OZONE ATTAINMENT DEMONSTRATION FOR THE BATON ROUGE, LOUISIANA URBAN AREA: USE OF PHOTOCHEMCIAL MODELING TO DEVELOP A REAL-WORLD OZONE ATTAINMENT STRATEGY

摘要

This paper summarizes the methods and results of an application of the variable-grid Urban Airshed Model (UAM-V) for the Baton Rouge ozone nonattainment area that was designed to obtain a quantitative assessment of the potential for compliance with the National Ambient Air Quality Standard (NAAQS) for (1-hour) ozone for a future year of 2005. The modeled attainment demonstration submitted as part of the 1995 SIP indicated that the changes in emissions that were expected to occur between 1990 and 1999 would result in attainment of the NAAQS by the 1999 attainment date. However the observation-based design value for this year was 126 ppb (just above the value of 124 required by the NAAQS). Under EPA's 1998 policy document" Extension of Attainment Dates for Downwind Areas," Baton Rouge was given additional time to demonstrate attainment of the 1 -hour ozone standard through modeling. Additional regional-scale modeling was conducted in support of the 1-hour ozone SIP extension. The additional modeling considered three recent, multi-day ozone episode periods (from September 1997, August 1997, and August 1999), and used state-of-the-science regional-scale meteorological and photochemical modeling tools and techniques to develop an attainment strategy for a future year of 2005. While the regiona'l-scale domain and emissions projections accounted for any reduced pollutant transport from Texas, the emphasis of the modeling analysis was to examine the effects of local emissions changes and to develop an attainment strategy based on local emissions reductions. The modeling databases for two of the simulation periods were adapted from the Gulf Coast Ozone Study (GCOS) modeling analysis while the third simulation period was selected to represent the attainment year.
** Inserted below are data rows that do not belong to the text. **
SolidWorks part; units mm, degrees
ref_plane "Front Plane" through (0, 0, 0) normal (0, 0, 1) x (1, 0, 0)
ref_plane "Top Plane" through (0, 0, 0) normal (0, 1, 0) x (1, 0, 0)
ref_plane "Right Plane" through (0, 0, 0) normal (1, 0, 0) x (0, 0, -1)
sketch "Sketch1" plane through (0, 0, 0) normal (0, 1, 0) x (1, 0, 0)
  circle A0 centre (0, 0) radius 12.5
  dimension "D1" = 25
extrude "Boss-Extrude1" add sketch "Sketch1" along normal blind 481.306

The UAM-V modeling domain is identical to that used for the GCOS modeling analysis and is presented in Figure 1. The modeling analysis included a comprehensive episode-selection analysis (to identify suitable periods for modeling), application of the MM5 prognostic meteorological model, application of the UAM-V photochemical modeling system for three multi-day simulation periods, evaluation of model performance, use of the modeling system to estimate ozone concentrations for a future-year of 2005, analysis of the effects of various emissions reduction scenarios on future-year ozone air quality, and evaluation of specific ozone attainment strategies to demonstrate future-year attainment.